Years later, Richard went online to say: ‘I was there that day as an eight-year-old with my dad sitting safely in the West Stand. It was my first game at West Ham and I remember thinking, “Is this normal?” I remember John McDowell of West Ham leading a child off the pitch.’

In the event, the players came back with two minutes to spare – and Manchester United promptly scored via a Coppell free kick and a Macari header.

Our second goal – which turned out to be the winner – came on seventy minutes and was also the result of a set piece. Trevor Brooking picked out Graham Paddon, who had been brought down to win the free kick, and his low cross was fired home by Bobby Gould. Deep, deep joy for all those in claret and blue.

What I didn’t know at the time was that, by a huge stroke of luck, Bob had managed to avoid the man-made maelstrom that could have cost him his life. I’ll let him tell the story himself.

United took massive crowds to all games and this one was no different.

After we split up I located the massed ranks of United fans and stood in line to get in. Everybody seemed pretty chilled – West Ham were always decent opposition, but it wasn’t seen as a powder-keg game: that was reserved for the likes of Liverpool, City and Leeds.

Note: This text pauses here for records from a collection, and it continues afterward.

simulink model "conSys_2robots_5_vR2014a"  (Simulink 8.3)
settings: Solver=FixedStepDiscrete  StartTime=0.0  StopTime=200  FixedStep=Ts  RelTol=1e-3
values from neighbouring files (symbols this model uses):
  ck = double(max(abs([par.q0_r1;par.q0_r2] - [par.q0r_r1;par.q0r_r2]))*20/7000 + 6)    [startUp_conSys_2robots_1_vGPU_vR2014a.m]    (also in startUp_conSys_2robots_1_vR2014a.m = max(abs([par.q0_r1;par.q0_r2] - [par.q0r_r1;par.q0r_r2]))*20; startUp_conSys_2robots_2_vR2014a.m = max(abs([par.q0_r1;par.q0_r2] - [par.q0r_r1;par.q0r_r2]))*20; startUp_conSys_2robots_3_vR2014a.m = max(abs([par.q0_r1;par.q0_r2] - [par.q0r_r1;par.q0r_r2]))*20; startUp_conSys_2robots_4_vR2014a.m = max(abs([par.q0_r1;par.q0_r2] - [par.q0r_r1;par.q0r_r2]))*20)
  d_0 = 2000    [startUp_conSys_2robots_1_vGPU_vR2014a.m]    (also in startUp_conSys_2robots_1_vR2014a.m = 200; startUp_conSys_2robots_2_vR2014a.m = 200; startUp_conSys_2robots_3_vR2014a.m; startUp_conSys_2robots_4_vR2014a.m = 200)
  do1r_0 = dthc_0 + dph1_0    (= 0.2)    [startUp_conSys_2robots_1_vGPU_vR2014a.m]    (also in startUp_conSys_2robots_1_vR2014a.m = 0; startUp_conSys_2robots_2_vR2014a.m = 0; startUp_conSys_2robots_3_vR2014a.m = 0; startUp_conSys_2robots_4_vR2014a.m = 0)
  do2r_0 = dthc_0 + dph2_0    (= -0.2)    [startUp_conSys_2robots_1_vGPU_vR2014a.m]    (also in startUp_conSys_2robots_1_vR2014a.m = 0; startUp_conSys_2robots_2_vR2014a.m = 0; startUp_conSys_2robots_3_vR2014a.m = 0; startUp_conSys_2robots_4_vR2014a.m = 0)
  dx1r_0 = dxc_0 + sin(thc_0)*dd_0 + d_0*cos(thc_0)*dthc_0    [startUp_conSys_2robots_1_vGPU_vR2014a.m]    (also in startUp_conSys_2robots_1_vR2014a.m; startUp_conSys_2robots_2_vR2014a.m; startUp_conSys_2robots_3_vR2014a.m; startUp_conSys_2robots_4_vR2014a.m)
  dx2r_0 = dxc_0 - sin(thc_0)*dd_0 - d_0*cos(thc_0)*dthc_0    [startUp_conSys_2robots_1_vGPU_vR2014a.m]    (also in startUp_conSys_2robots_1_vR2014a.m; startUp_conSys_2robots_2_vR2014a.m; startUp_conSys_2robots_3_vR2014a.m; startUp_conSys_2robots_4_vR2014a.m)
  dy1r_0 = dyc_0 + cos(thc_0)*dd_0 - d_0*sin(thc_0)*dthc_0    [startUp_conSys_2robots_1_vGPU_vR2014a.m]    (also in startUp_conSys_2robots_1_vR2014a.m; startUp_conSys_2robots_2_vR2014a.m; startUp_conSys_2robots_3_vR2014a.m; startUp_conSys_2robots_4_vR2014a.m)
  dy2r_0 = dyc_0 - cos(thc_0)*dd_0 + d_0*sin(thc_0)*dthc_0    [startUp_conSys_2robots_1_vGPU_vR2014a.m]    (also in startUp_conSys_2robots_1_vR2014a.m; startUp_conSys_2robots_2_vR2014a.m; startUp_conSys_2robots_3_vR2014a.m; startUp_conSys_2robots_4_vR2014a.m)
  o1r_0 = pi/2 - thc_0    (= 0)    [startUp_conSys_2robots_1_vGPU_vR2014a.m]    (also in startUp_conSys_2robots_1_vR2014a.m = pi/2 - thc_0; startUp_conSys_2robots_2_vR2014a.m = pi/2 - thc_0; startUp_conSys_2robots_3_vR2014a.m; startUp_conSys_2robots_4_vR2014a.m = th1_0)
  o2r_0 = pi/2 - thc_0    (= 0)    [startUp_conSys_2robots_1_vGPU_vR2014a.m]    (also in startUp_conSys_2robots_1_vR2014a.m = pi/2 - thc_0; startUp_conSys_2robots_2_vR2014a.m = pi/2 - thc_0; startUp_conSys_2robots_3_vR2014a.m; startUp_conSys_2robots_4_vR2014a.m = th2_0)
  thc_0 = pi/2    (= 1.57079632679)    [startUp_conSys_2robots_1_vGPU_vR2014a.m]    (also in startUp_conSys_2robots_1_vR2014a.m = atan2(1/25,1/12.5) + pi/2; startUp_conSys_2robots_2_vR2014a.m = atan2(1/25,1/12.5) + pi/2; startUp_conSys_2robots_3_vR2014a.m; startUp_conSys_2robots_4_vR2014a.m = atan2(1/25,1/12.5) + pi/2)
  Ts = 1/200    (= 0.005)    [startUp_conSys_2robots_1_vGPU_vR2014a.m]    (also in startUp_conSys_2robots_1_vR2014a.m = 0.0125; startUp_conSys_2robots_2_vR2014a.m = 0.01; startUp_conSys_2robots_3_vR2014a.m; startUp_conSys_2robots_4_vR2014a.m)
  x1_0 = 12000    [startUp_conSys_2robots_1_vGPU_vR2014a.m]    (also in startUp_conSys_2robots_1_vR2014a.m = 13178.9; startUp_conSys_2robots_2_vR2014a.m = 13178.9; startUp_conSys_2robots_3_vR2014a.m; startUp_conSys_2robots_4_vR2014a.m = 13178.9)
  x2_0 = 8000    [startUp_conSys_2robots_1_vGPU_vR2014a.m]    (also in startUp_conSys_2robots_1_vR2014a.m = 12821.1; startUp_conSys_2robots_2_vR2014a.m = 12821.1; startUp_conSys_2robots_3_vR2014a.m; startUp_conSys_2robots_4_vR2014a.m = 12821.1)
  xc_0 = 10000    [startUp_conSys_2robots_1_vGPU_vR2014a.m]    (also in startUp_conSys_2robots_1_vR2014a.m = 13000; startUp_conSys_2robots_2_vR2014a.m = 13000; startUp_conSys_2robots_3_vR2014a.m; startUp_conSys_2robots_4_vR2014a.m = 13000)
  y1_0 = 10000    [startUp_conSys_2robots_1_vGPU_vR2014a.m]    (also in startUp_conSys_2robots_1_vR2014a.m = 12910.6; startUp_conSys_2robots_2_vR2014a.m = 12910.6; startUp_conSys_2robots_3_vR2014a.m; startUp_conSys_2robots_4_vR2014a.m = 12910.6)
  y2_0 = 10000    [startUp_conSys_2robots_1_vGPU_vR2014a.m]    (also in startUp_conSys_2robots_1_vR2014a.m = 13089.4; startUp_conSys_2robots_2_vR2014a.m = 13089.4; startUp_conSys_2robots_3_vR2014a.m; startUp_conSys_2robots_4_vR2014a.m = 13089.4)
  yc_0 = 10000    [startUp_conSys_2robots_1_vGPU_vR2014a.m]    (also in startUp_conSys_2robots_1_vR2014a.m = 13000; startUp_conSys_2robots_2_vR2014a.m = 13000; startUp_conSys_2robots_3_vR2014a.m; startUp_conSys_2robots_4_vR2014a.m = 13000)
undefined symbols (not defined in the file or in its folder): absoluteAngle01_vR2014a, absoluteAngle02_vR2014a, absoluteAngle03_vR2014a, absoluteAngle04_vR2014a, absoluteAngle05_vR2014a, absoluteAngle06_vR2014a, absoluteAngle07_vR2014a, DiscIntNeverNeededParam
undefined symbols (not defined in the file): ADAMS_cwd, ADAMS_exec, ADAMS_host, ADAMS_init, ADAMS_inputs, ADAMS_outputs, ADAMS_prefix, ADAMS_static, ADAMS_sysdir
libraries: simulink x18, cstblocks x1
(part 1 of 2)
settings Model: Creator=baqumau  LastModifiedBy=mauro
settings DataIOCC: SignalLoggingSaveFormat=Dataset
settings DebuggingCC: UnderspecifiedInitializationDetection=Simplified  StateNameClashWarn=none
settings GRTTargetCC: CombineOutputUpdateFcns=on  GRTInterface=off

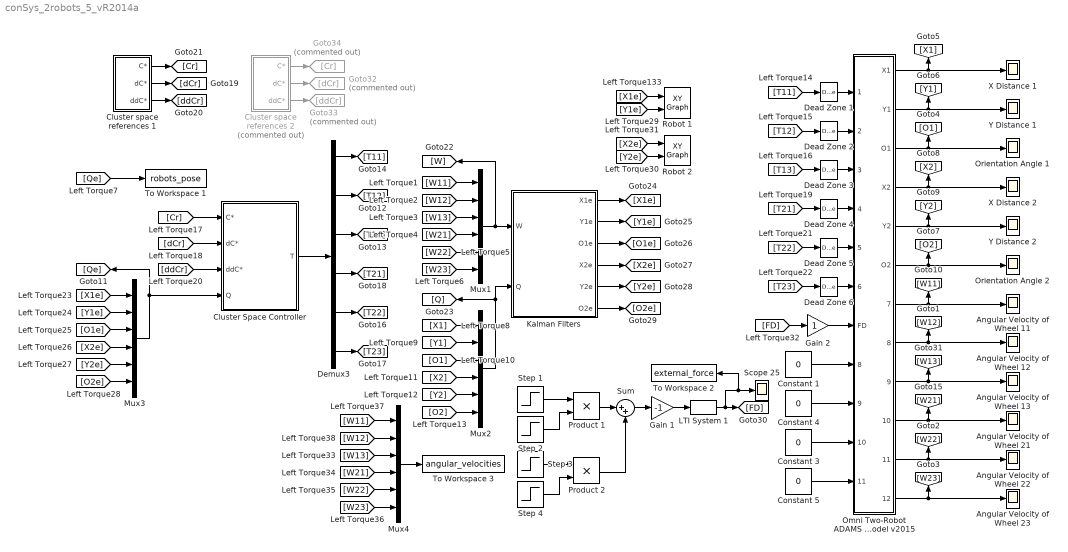
== system conSys_2robots_5_vR2014a ==
  Angular Velocity of Wheel {11..13,21..23} (6 alike) : Scope
      Angular Velocity of Wheel 11 settings: YMin=-20  YMax=20  SaveName=ScopeData3
      Angular Velocity of Wheel 12 settings: YMin=-200  YMax=20  SaveName=ScopeData6
      Angular Velocity of Wheel 13 settings: YMin=-10  YMax=20  SaveName=ScopeData9
      Angular Velocity of Wheel 21 settings: YMin=-20  YMax=20  SaveName=ScopeData2
      Angular Velocity of Wheel 22 settings: YMin=-15  YMax=18  SaveName=ScopeData10
      Angular Velocity of Wheel 23 settings: YMin=-15  YMax=15  SaveName=ScopeData11
  Cluster Space Controller : Subsystem
  Cluster space references 1 : Subsystem
  Cluster space references 2 : Subsystem  Commented=on
  Constant {1,3..5} (4 alike) : Constant  Value=0
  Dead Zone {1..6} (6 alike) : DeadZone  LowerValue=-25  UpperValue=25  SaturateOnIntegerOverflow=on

After about twenty-five minutes I hadn’t moved and nor had anybody else.

The rumour went round that the end was full so I decided to do the unthinkable – go and stand on my jack in the West Ham end. My grasp of cockney was limited only to the few months I’d known this London fruitcake in Cardiff: apples and pears, giving it large, you’re having a laarf – that sort of nonsense. I knew that if I tried to sound remotely southern I’d do a worse impression than Dick Van Dyke in
Mary Poppins.
So all I could do was keep my mouth shut.

Surprisingly, when I got to the Hammers’ end, there was no queue and no stewards or coppers checking supporters in. So I handed over my cash and in I went.

I manoeuvred as far to the left side of the stand as I could get.

My plan to be incognito, though, was immediately compromised by a group I had unknowingly stood next to: ‘U-N-I-T-E-D, United are the team for me, with a knick knack paddy whack give a dog a bone, why don’t City fuck off home?’ Oh no. I had stood next to a group of seemingly suicidal reds.

Heads turned in our direction, so I suddenly made a discreet exit to a relatively safe area. It was around about now, thankfully, that everyone’s attention was drawn to the other end. It was chaos. United fans were grouped in several factions but seemingly below West Ham supporters who had the high ground and were able to charge down at them.

Police crowd control was pretty basic in those days. But to have no segregation at all – absolutely nothing at all – was mind-boggling. Occasionally you would see United and City fans mingling in a derby at Maine Road, but I can’t ever remember seeing such a ticking timebomb anywhere else.

It was sickening watching the scrapping – and the utterly useless, spineless, leaderless response from the police.

As the game developed and we were thankfully losing, the last thing I needed was Lou Macari getting a goal to make it even more edgy. The Manchester lads in the West Ham end, pretty quiet during a disappointing game from our perspective, suddenly spurted into life and it kicked off again.